Problem to solve: From the entries that follow, reproduce exactly and only the lines from the line with "#7235 = VERTEX_POINT ( 'NONE', #2457 ) ;" to the line with "#9936 = ORIENTED_EDGE", endpoints included.

________________________

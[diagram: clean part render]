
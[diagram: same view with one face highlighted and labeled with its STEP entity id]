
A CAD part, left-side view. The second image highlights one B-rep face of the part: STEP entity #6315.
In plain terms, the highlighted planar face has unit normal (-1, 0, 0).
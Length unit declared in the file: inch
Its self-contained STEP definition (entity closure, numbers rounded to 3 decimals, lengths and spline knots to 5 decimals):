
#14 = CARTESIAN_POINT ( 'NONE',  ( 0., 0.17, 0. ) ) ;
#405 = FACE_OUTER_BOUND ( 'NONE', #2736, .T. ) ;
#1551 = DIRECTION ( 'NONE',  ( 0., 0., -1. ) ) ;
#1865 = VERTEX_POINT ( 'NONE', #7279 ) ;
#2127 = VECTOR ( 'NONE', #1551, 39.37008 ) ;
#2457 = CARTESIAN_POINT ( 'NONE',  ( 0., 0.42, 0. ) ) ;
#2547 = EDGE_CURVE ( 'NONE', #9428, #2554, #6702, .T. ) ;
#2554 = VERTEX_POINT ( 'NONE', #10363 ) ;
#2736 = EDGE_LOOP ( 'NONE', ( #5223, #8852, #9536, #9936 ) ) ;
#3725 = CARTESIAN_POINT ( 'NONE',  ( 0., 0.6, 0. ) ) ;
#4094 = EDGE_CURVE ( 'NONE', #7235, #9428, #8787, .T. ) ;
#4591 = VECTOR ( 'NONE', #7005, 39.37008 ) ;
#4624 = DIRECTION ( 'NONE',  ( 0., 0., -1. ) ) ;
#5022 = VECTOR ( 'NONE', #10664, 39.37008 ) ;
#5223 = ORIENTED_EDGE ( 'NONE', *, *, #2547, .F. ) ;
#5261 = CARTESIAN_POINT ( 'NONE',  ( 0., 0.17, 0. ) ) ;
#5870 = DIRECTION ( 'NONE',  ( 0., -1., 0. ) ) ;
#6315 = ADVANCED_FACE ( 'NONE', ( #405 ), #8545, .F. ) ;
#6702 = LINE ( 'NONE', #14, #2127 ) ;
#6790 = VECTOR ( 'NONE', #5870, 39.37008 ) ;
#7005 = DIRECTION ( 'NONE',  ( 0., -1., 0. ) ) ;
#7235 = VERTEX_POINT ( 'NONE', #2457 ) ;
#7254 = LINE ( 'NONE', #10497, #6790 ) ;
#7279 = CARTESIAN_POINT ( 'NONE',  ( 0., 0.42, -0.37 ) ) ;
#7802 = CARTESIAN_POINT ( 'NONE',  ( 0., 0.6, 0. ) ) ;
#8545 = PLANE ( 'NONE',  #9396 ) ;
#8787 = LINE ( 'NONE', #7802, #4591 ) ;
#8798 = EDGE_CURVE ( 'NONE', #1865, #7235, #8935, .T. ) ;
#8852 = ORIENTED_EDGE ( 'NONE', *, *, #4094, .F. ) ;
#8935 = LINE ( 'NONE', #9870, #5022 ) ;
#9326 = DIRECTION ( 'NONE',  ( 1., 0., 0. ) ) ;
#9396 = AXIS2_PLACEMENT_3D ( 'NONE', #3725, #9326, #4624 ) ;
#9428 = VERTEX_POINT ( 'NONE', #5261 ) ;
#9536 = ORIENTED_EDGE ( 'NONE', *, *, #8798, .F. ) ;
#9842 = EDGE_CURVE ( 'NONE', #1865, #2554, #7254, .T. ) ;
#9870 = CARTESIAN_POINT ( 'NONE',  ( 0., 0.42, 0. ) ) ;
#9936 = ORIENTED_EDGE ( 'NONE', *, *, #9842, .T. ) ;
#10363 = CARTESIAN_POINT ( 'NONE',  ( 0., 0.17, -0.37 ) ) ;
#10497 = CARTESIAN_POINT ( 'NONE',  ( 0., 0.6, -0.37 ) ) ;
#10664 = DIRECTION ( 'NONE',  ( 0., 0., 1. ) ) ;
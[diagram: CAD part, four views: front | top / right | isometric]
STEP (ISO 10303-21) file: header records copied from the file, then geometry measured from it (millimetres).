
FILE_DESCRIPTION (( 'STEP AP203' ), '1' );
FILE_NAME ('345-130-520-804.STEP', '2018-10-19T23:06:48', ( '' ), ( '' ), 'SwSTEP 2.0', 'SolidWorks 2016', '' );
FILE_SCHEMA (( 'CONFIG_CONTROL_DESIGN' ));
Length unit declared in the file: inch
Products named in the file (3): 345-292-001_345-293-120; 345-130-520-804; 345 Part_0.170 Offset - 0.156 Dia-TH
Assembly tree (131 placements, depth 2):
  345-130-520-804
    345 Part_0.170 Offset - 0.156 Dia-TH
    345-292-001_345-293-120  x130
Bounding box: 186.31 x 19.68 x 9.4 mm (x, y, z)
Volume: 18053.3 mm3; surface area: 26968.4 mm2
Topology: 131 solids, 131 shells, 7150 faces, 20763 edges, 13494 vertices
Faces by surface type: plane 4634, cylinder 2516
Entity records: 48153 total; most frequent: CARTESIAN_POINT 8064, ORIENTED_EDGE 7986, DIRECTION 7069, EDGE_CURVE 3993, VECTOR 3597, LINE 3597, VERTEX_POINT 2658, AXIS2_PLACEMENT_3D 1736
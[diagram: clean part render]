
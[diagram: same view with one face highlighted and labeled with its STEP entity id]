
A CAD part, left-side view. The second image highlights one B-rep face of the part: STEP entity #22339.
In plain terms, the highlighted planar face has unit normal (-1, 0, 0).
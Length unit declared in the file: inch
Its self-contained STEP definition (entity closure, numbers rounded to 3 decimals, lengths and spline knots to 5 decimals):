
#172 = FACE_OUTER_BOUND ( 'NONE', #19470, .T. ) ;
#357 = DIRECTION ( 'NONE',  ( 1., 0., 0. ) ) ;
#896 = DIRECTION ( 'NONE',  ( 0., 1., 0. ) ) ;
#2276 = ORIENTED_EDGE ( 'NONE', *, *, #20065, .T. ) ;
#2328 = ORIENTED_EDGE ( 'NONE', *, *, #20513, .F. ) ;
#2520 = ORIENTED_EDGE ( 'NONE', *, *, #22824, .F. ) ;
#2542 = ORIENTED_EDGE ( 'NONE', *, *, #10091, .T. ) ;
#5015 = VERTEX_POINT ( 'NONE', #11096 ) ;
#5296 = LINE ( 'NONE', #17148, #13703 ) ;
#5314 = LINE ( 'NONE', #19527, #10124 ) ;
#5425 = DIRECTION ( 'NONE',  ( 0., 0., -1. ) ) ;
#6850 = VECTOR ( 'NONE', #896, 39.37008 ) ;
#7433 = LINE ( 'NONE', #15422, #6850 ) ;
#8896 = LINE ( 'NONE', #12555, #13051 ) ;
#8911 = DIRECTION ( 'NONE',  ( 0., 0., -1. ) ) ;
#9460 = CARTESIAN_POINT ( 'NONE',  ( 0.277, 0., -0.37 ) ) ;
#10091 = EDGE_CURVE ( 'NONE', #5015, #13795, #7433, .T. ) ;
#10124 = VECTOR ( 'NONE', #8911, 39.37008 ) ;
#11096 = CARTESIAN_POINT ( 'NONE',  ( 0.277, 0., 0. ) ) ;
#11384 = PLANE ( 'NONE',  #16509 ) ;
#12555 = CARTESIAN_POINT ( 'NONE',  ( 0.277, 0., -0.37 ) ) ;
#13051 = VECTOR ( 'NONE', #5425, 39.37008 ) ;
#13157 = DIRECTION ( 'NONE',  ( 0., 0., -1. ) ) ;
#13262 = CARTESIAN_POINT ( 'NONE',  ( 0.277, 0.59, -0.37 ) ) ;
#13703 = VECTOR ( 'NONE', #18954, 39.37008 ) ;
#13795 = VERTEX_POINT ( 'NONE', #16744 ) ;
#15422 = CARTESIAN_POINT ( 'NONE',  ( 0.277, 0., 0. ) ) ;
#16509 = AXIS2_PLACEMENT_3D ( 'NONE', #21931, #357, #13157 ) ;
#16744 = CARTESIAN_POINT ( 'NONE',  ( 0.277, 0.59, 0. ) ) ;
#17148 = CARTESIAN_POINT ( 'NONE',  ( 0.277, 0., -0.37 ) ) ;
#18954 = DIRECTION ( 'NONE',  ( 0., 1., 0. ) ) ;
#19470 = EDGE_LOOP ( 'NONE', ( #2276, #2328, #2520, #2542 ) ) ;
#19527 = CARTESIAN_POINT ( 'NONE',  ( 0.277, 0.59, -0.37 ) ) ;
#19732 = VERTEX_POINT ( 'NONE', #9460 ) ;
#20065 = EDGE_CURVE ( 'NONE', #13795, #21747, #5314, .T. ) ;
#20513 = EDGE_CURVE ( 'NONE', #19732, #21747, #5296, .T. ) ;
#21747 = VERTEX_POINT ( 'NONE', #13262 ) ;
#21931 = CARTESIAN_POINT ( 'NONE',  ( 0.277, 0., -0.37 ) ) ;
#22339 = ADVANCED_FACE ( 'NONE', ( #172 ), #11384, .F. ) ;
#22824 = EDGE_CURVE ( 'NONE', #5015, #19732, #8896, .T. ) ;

________________________

Exercise output:
#7235 = VERTEX_POINT ( 'NONE', #2457 ) ;
#7254 = LINE ( 'NONE', #10497, #6790 ) ;
#7279 = CARTESIAN_POINT ( 'NONE',  ( 0., 0.42, -0.37 ) ) ;
#7802 = CARTESIAN_POINT ( 'NONE',  ( 0., 0.6, 0. ) ) ;
#8545 = PLANE ( 'NONE',  #9396 ) ;
#8787 = LINE ( 'NONE', #7802, #4591 ) ;
#8798 = EDGE_CURVE ( 'NONE', #1865, #7235, #8935, .T. ) ;
#8852 = ORIENTED_EDGE ( 'NONE', *, *, #4094, .F. ) ;
#8935 = LINE ( 'NONE', #9870, #5022 ) ;
#9326 = DIRECTION ( 'NONE',  ( 1., 0., 0. ) ) ;
#9396 = AXIS2_PLACEMENT_3D ( 'NONE', #3725, #9326, #4624 ) ;
#9428 = VERTEX_POINT ( 'NONE', #5261 ) ;
#9536 = ORIENTED_EDGE ( 'NONE', *, *, #8798, .F. ) ;
#9842 = EDGE_CURVE ( 'NONE', #1865, #2554, #7254, .T. ) ;
#9870 = CARTESIAN_POINT ( 'NONE',  ( 0., 0.42, 0. ) ) ;
#9936 = ORIENTED_EDGE ( 'NONE', *, *, #9842, .T. ) ;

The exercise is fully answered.